Four hours later, I was seated in The Way-bread, eating lunch for breakfast. A Chinese couple had opened the place a few years back, hoping to tap into the elf market. They didn't know honeycomb pie from scallion pancakes, but the burgers were pretty decent. It catered mostly to teenage tourists on a day jaunt to the bad-ass part of town. I liked it because I wasn't likely to run into anyone I know. Most of the friends I had left had better taste.
Noon came and went. I sat twiddling a coffee straw and watching the completely human crowd. Every time the door opened, their heads would bob up only to return to their plates without a wing or pointy ear sighting. No one bothered me. Druids aren't obviously different. We look human but have more sensory abilities and, of course, can tap into essence. After another twenty minutes, my bladder would no longer stand being ignored. I went to the restroom.
I was just about to take care of business when a voice over my head observed, "At least you're not sitting down."
Above me twelve inches of loincloth-clad flit hovered, tawny-colored arms crossed, face pinched, wings spread in dark pink anger. "Stinkwort, what the hell took you so long?" I asked.
He moved down in front of my face. "Me?

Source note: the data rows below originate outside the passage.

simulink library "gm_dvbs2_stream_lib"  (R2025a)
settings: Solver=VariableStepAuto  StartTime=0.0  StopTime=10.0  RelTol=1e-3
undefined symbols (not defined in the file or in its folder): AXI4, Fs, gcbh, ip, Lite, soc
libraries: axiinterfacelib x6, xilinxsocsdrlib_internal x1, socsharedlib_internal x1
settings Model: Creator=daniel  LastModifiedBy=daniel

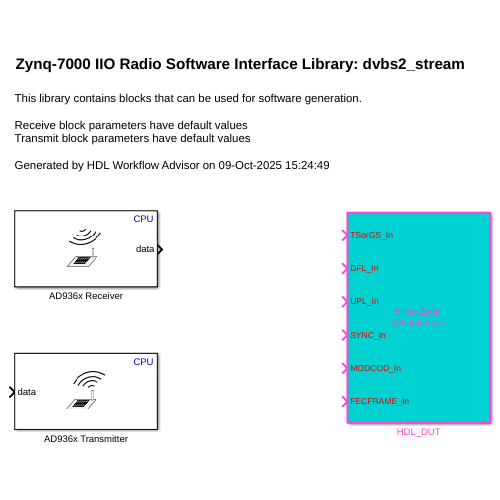
[thumbnail: Simulink's stored preview of the top-level diagram]
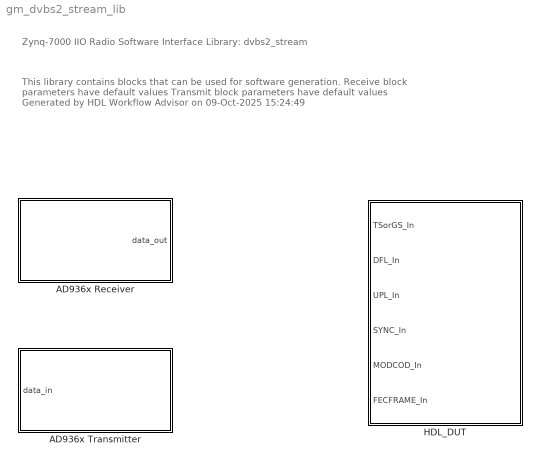
== system gm_dvbs2_stream_lib ==
  note: Zynq-7000 IIO Radio Software Interface Library: dvbs2_stream
  note: This library contains blocks that can be used for software generation.
      |
      | Receive block parameters have default values
      | Transmit block parameters have default values
      |
      | Generated by HDL Workflow Advisor on 09-Oct-2025 15:24:49
  AD936x Receiver : Subsystem  InitFcn=soc.blkcb.ad936xReadCb('InitFcn',gcbh);  mask(AD936x Data Read){SimulationInput=Zeros, IPAddress=192.168.3.2, CenterFrequencySource=Dialog, CenterFrequency=2400000000, GainSource=Dialog, Gain=10, BasebandSampleRate=1000000, EnableChannel1=on, EnableChannel2=off, OutputDataTypeStr=int16 (complex), SamplesPerFrame=20000, OverflowOutputPort=off, EnableBurstMode=off, NumFramesInBurst=2, UseCustomFilter=off, filtCoefficientSize=128, filtCoefficients=[-192 82 85 -215 228 -102 -110 290 -318 145 160 -426 471 -215 -238 633 -697 318 349 -923 1009 -457 -498 1309 -1423 640 693 -1812 1959 -876 -945 2458 -2647 1180 1268 -3290 3534 -1572 -1688 4375 -4698 2091 2247 -5836 6284 -2807 -3031 7918 -8588 3870 4225 -11182 12324 -5662 -6330 17255 -19735 9507 11312 -33568 43355 -25227 -42139 305542 305542 -42139 -25227 43355 -33568 11312 9507 -19735 17255 -6330 -5662 12324 -11182 4225 3870 -8588 7918 -3031 -2807 6284 -5836 2247 2091 -4698 4375 -1688 -1572 3534 -3290 1268 1180 -2647 2458 -945 -876 1959 -1812 693 640 -1423 1309 -498 -457 1009 -923 349 318 -697 633 -238 -215 471 -426 160 145 -318 290 -110 -102 228 -215 85 82 -192], filtDecimInterpFactor=4, filtGain=-12, filtPathRates=[737280000 11520000 3840000 1920000 960000 240000], filtRFBandwidth=18e6, filterConfigStruct=struct(), BypassUserLogic=off, EnableQuadratureCorrection=on, EnableRFDCCorrection=on, EnableBasebandDCCorrection=on, OverrideSampleTime=off, SampleTime=0.02, DataTimeout=Inf, BISTLoopbackMode=Disabled, BISTToneInject=Disabled, BISTSignalGen=PRBS, BISTToneFreq=Fs/32, BISTToneLevel=0}
      mask prompts: SimulationInput "Simulation input:"; IPAddress "Radio IP address:"; CenterFrequencySource "Source of center frequency:"; CenterFrequency "Center frequency (Hz):"; GainSource "Source of gain:"; Gain "Gain (dB):"; BasebandSampleRate "Baseband sample rate (Hz):"; EnableChannel1 "Enable Channel 1"; EnableChannel2 "Enable Channel 2"; OutputDataTypeStr "Output data type:"; SamplesPerFrame "Sample per frame:"; OverflowOutputPort "Enable output port for overflow indicator"; EnableBurstMode "Enable burst mode"; NumFramesInBurst "Frames in burst:"; UseCustomFilter "Use custom filter"; filtCoefficientSize "FIR coefficients size:"; filtCoefficients "FIR coefficients :"; filtDecimInterpFactor "FIR decimation/interpolation factor:"; filtGain "FIR gain (dB):"; filtPathRates "Filter path rates (Hz):"; filtRFBandwidth "Analog filter cutoff (Hz):"; filterConfigStruct "Filter config structure:"; BypassUserLogic "Bypass user logic"; EnableQuadratureCorrection "Enable quadrature correction"; EnableRFDCCorrection "Enable RF DC correction"; EnableBasebandDCCorrection "Enable baseband DC correction"; OverrideSampleTime "Override automatic sample time"; SampleTime "Sample time:"; DataTimeout "Data timeout (sec):"; BISTLoopbackMode "Loopback:"; BISTToneInject "Test signal injection:"; BISTSignalGen "Signal generator mode:"; BISTToneFreq "Tone frequency (Hz):"; BISTToneLevel "Tone level (dB):"
      mask help: soc:sdr:AD936xReadMaskText
      mask init:
      | soc.blkcb.ad936xReadCb('MaskInitFcn', gcbh);
      mask Help: helpview('soc', 'xilinxsoc_ad936x_data_read')
      mask TypeOptions SimulationInput: No data (configuration only) | Zeros | From connected IO
      mask Callback SimulationInput: soc.blkcb.ad936xReadCb('MaskParamCb',gcbh,'SimulationInput');
      mask TypeOptions IPAddress: Source Variant/From Connected IO/AD936x Receiver/IPAddress
      mask TypeOptions CenterFrequencySource: Source Variant/From Connected IO/AD936x Receiver/CenterFrequencySource | Source Variant/No Data/AD936x Receiver Config/CenterFrequencySource | Source Variant/Zeros/SimCodegen Variant/CODEGEN/AD936x Receiver/CenterFrequencySource
      mask Callback CenterFrequencySource: soc.blkcb.ad936xReadCb('MaskParamCb',gcbh,'CenterFrequencySource');
      mask TypeOptions CenterFrequency: Source Variant/From Connected IO/AD936x Receiver/CenterFrequency | Source Variant/No Data/AD936x Receiver Config/CenterFrequency | Source Variant/Zeros/SimCodegen Variant/CODEGEN/AD936x Receiver/CenterFrequency
      mask TypeOptions GainSource: Source Variant/From Connected IO/AD936x Receiver/GainSourceBlock | Source Variant/No Data/AD936x Receiver Config/GainSourceBlock | Source Variant/Zeros/SimCodegen Variant/CODEGEN/AD936x Receiver/GainSourceBlock
      mask Callback GainSource: soc.blkcb.ad936xReadCb('MaskParamCb',gcbh,'GainSource');
      mask TypeOptions Gain: Source Variant/From Connected IO/AD936x Receiver/Gain | Source Variant/No Data/AD936x Receiver Config/Gain | Source Variant/Zeros/SimCodegen Variant/CODEGEN/AD936x Receiver/Gain
      mask TypeOptions BasebandSampleRate: Source Variant/From Connected IO/AD936x Receiver/BasebandSampleRate | Source Variant/No Data/AD936x Receiver Config/BasebandSampleRate | Source Variant/Zeros/SimCodegen Variant/CODEGEN/AD936x Receiver/BasebandSampleRate
      mask TypeOptions OutputDataTypeStr: int16 (complex) | single (complex) | double (complex)
      mask TypeOptions OverflowOutputPort: Source Variant/From Connected IO/AD936x Receiver/OverflowOutputPort | Source Variant/Zeros/SimCodegen Variant/CODEGEN/AD936x Receiver/OverflowOutputPort
      mask TypeOptions EnableBurstMode: Source Variant/From Connected IO/AD936x Receiver/EnableBurstMode | Source Variant/Zeros/SimCodegen Variant/CODEGEN/AD936x Receiver/EnableBurstMode
      mask Callback EnableBurstMode: soc.blkcb.ad936xReadCb('MaskParamCb',gcbh,'EnableBurstMode');
      mask TypeOptions NumFramesInBurst: Source Variant/From Connected IO/AD936x Receiver/NumFramesInBurst | Source Variant/Zeros/SimCodegen Variant/CODEGEN/AD936x Receiver/NumFramesInBurst
      mask TypeOptions UseCustomFilter: Source Variant/From Connected IO/AD936x Receiver/UseCustomFilter | Source Variant/No Data/AD936x Receiver Config/UseCustomFilter | Source Variant/Zeros/SimCodegen Variant/CODEGEN/AD936x Receiver/UseCustomFilter
      mask Callback UseCustomFilter: soc.blkcb.ad936xReadCb('MaskParamCb',gcbh,'UseCustomFilter');
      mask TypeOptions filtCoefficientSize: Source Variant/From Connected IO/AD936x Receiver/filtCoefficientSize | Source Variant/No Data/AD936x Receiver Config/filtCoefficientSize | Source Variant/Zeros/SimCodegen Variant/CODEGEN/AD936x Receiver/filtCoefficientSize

It's about time you came in here. What the hell were you thinking sitting out there with all those people? How long do you think it would have been before that bunch started with the cameras? You think I have nothing better to do than pose for some human?"
"Sorry. I was hungry." I looked down, then back up. "Um, can you give me a sec?"
Stinkwort glanced down and flipped his shaggy blond head with scorn. "Fine. I'll be in the alley." He winked out. He winked back in. "And stop calling me Stinkwort." He winked out again.
True to his word, I found him sitting on a crate in the narrow passage behind The Waybread. He hovered up as I came out the back door so that we were able to face each other. He was still pretty angry. "So what do you need, oh great and powerless one?"
I frowned. "That's pretty low even for you, Stinky."
"Call me Joe," he said. "If you can't keep that straight, I'm out of here."
Nothing amuses me more than an angry flit. They try so hard to be menacing, an oxymoron when it involves wings that are blue or yellow or, in Stinkwort's case, pink. Especially pink. He had a point though. Stinkwort is an awful name. Whatever his mother was thinking when she gave it to him, she's keeping it to herself.
"Okay, Joe. I'm sorry. About the restaurant. About your name. About what I just paid for lunch. Can we call it a truce?"
He stared at me a moment, long, bushy eyebrows hanging over glittering eyes. Then he did the smile, the one that keeps on going from ear to ear. "What can I do for you, Connor?"
"I need some help on these fairy murders." Joe blanched, hovering back in fear. "Wait!" I said. "Don't bug out on me!" Flits can be so, well, flitty.
He paused, looking at me suspiciously. "What can I do about it?"